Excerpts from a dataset

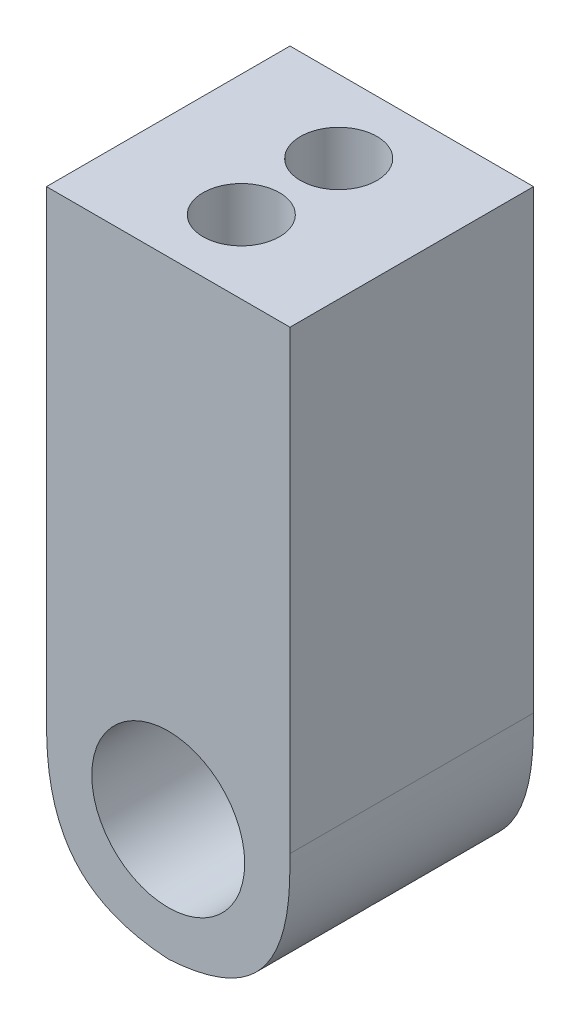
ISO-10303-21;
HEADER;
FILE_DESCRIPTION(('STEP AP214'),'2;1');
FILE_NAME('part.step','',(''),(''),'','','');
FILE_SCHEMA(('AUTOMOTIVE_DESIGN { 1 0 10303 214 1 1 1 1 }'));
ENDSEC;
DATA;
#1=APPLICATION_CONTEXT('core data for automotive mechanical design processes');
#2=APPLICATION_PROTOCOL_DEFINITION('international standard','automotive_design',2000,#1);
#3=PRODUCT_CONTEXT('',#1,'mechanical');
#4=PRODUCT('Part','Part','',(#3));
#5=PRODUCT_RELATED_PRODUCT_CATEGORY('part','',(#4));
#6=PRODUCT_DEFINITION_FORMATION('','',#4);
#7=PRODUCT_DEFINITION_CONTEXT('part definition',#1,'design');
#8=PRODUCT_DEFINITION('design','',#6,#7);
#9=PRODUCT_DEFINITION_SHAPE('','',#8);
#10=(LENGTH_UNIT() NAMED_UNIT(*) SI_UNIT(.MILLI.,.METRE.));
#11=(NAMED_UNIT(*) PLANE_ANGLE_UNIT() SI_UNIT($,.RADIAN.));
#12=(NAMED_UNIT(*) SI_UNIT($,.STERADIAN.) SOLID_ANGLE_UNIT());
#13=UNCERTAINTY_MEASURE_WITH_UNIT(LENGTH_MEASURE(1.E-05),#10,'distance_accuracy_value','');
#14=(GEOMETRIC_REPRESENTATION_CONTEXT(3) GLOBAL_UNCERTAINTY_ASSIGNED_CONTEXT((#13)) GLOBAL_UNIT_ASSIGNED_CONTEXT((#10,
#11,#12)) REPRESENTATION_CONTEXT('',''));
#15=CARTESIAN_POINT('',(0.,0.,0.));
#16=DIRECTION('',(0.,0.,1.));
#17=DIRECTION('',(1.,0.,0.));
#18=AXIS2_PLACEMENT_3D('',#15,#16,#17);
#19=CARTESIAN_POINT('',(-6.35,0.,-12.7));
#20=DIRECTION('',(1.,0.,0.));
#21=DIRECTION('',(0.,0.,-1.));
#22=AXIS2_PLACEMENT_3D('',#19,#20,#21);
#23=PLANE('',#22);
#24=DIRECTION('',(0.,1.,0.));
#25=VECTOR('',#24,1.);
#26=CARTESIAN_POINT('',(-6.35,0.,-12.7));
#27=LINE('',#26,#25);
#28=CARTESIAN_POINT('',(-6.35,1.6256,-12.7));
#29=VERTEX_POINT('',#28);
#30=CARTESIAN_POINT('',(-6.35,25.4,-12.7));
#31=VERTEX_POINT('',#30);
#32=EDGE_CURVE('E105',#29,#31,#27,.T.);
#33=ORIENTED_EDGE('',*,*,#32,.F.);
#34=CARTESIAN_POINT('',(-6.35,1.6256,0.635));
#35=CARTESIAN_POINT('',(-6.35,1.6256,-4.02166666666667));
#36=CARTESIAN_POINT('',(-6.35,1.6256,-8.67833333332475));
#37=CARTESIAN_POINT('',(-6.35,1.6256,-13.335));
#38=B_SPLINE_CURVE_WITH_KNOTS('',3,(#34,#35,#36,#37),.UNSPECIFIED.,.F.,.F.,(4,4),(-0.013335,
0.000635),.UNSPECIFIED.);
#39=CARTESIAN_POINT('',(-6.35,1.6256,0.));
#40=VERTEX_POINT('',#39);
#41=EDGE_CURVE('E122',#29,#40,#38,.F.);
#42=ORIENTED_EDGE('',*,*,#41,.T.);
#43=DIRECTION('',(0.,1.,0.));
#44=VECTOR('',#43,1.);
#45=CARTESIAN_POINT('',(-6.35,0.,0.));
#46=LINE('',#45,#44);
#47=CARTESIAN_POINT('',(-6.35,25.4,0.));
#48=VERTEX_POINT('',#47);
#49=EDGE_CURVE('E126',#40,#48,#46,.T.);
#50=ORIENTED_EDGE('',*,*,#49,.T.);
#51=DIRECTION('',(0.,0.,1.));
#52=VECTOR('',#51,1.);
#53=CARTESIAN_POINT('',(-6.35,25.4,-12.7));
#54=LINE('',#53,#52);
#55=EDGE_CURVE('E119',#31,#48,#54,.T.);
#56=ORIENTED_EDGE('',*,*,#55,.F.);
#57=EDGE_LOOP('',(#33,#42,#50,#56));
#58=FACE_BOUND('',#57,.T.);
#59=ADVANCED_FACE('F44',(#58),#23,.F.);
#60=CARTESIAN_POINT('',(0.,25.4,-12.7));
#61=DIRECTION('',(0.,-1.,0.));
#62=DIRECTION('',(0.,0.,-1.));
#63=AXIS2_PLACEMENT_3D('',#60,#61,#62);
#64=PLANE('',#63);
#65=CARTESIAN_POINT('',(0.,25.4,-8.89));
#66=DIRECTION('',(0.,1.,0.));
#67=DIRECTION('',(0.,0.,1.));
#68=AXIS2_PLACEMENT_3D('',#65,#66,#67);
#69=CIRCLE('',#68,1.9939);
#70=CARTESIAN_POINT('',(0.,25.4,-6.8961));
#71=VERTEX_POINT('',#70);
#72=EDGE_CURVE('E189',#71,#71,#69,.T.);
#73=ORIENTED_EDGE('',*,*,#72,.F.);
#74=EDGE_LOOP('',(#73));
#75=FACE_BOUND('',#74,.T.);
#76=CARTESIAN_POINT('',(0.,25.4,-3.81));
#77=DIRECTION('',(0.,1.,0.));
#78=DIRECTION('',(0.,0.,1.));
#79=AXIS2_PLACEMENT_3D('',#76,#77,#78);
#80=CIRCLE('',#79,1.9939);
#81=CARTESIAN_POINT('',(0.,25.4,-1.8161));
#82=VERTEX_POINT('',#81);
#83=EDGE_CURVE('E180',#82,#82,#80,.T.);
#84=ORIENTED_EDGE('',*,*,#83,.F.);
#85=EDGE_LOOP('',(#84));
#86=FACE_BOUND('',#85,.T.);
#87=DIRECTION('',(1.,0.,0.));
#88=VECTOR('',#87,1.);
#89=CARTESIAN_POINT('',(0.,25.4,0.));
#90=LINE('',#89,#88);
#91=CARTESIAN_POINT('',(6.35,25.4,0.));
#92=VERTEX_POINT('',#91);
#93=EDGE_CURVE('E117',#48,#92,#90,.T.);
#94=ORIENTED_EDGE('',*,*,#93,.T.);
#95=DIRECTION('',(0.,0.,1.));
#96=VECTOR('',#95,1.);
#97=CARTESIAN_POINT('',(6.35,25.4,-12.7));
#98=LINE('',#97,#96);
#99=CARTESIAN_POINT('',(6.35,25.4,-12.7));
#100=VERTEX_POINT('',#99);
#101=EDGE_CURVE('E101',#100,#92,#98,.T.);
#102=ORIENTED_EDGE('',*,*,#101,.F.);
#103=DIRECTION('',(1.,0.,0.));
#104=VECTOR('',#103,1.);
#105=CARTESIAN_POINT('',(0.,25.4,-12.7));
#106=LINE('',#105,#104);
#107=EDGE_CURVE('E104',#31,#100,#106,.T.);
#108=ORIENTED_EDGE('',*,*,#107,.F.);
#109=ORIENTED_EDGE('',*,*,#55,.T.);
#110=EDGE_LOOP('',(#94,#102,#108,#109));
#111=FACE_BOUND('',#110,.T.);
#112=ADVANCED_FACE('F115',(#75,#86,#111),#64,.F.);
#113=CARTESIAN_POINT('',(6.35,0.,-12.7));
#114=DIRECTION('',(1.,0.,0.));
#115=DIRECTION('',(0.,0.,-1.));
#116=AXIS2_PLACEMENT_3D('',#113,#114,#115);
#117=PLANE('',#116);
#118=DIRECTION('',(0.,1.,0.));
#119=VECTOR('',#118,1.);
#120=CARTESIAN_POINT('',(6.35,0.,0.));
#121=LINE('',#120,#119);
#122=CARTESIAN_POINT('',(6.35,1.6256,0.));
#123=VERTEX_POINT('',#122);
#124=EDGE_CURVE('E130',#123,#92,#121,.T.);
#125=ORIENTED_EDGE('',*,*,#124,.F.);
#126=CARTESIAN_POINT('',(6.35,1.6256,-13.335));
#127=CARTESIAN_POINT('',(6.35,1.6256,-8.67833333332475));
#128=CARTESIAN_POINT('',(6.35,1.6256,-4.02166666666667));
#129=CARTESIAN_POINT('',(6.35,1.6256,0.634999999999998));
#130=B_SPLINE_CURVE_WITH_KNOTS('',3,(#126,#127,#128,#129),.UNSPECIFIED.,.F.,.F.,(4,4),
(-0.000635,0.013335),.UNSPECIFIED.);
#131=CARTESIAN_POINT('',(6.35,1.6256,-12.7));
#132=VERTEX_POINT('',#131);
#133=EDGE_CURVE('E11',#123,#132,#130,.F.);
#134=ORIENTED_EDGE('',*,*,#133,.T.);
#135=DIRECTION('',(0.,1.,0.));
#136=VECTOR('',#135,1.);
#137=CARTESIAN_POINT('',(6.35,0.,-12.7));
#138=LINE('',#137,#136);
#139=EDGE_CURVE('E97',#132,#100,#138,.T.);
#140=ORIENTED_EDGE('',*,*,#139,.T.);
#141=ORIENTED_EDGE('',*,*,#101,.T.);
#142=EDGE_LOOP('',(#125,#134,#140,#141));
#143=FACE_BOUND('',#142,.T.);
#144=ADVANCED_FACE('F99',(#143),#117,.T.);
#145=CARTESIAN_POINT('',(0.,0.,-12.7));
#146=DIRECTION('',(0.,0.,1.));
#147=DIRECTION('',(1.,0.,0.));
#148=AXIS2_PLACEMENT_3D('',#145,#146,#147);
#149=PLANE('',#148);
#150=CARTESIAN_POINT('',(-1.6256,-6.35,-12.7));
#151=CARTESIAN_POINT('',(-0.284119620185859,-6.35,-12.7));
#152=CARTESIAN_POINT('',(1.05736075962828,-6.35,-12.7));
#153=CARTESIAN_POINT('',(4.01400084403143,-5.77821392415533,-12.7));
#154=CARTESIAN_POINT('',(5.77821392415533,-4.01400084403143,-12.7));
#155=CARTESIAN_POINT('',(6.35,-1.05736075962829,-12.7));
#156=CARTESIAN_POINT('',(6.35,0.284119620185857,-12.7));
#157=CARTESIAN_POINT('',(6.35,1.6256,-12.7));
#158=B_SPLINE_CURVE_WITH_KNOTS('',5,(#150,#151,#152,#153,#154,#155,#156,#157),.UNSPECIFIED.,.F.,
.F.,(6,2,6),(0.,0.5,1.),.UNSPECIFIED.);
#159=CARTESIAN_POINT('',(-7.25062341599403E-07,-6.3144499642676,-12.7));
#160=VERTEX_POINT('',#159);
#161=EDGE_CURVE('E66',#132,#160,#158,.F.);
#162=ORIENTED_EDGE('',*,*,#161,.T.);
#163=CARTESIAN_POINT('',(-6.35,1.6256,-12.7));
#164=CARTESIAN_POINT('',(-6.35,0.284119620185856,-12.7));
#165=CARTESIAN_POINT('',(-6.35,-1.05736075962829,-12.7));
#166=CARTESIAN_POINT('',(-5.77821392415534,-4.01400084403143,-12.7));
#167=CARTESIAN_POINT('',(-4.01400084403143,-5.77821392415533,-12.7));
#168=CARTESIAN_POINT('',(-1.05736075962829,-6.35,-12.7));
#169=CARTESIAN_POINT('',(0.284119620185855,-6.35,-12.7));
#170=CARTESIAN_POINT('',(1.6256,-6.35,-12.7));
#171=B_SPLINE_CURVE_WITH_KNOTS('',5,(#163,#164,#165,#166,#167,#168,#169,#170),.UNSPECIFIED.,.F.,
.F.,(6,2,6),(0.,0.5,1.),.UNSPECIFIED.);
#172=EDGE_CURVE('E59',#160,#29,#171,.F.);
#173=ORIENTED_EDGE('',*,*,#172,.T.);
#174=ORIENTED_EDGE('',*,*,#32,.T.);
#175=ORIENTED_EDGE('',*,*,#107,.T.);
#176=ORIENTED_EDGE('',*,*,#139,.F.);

▶ **Work task**
Reproduce the entries above exactly, but only the lines between the line holding "#23=PLANE('',#22);" and the line holding "#83=EDGE_CURVE('E180',#82,#82,#80,.T.);", inclusive.

▶ **Expected answer**
#23=PLANE('',#22);
#24=DIRECTION('',(0.,1.,0.));
#25=VECTOR('',#24,1.);
#26=CARTESIAN_POINT('',(-6.35,0.,-12.7));
#27=LINE('',#26,#25);
#28=CARTESIAN_POINT('',(-6.35,1.6256,-12.7));
#29=VERTEX_POINT('',#28);
#30=CARTESIAN_POINT('',(-6.35,25.4,-12.7));
#31=VERTEX_POINT('',#30);
#32=EDGE_CURVE('E105',#29,#31,#27,.T.);
#33=ORIENTED_EDGE('',*,*,#32,.F.);
#34=CARTESIAN_POINT('',(-6.35,1.6256,0.635));
#35=CARTESIAN_POINT('',(-6.35,1.6256,-4.02166666666667));
#36=CARTESIAN_POINT('',(-6.35,1.6256,-8.67833333332475));
#37=CARTESIAN_POINT('',(-6.35,1.6256,-13.335));
#38=B_SPLINE_CURVE_WITH_KNOTS('',3,(#34,#35,#36,#37),.UNSPECIFIED.,.F.,.F.,(4,4),(-0.013335,
0.000635),.UNSPECIFIED.);
#39=CARTESIAN_POINT('',(-6.35,1.6256,0.));
#40=VERTEX_POINT('',#39);
#41=EDGE_CURVE('E122',#29,#40,#38,.F.);
#42=ORIENTED_EDGE('',*,*,#41,.T.);
#43=DIRECTION('',(0.,1.,0.));
#44=VECTOR('',#43,1.);
#45=CARTESIAN_POINT('',(-6.35,0.,0.));
#46=LINE('',#45,#44);
#47=CARTESIAN_POINT('',(-6.35,25.4,0.));
#48=VERTEX_POINT('',#47);
#49=EDGE_CURVE('E126',#40,#48,#46,.T.);
#50=ORIENTED_EDGE('',*,*,#49,.T.);
#51=DIRECTION('',(0.,0.,1.));
#52=VECTOR('',#51,1.);
#53=CARTESIAN_POINT('',(-6.35,25.4,-12.7));
#54=LINE('',#53,#52);
#55=EDGE_CURVE('E119',#31,#48,#54,.T.);
#56=ORIENTED_EDGE('',*,*,#55,.F.);
#57=EDGE_LOOP('',(#33,#42,#50,#56));
#58=FACE_BOUND('',#57,.T.);
#59=ADVANCED_FACE('F44',(#58),#23,.F.);
#60=CARTESIAN_POINT('',(0.,25.4,-12.7));
#61=DIRECTION('',(0.,-1.,0.));
#62=DIRECTION('',(0.,0.,-1.));
#63=AXIS2_PLACEMENT_3D('',#60,#61,#62);
#64=PLANE('',#63);
#65=CARTESIAN_POINT('',(0.,25.4,-8.89));
#66=DIRECTION('',(0.,1.,0.));
#67=DIRECTION('',(0.,0.,1.));
#68=AXIS2_PLACEMENT_3D('',#65,#66,#67);
#69=CIRCLE('',#68,1.9939);
#70=CARTESIAN_POINT('',(0.,25.4,-6.8961));
#71=VERTEX_POINT('',#70);
#72=EDGE_CURVE('E189',#71,#71,#69,.T.);
#73=ORIENTED_EDGE('',*,*,#72,.F.);
#74=EDGE_LOOP('',(#73));
#75=FACE_BOUND('',#74,.T.);
#76=CARTESIAN_POINT('',(0.,25.4,-3.81));
#77=DIRECTION('',(0.,1.,0.));
#78=DIRECTION('',(0.,0.,1.));
#79=AXIS2_PLACEMENT_3D('',#76,#77,#78);
#80=CIRCLE('',#79,1.9939);
#81=CARTESIAN_POINT('',(0.,25.4,-1.8161));
#82=VERTEX_POINT('',#81);
#83=EDGE_CURVE('E180',#82,#82,#80,.T.);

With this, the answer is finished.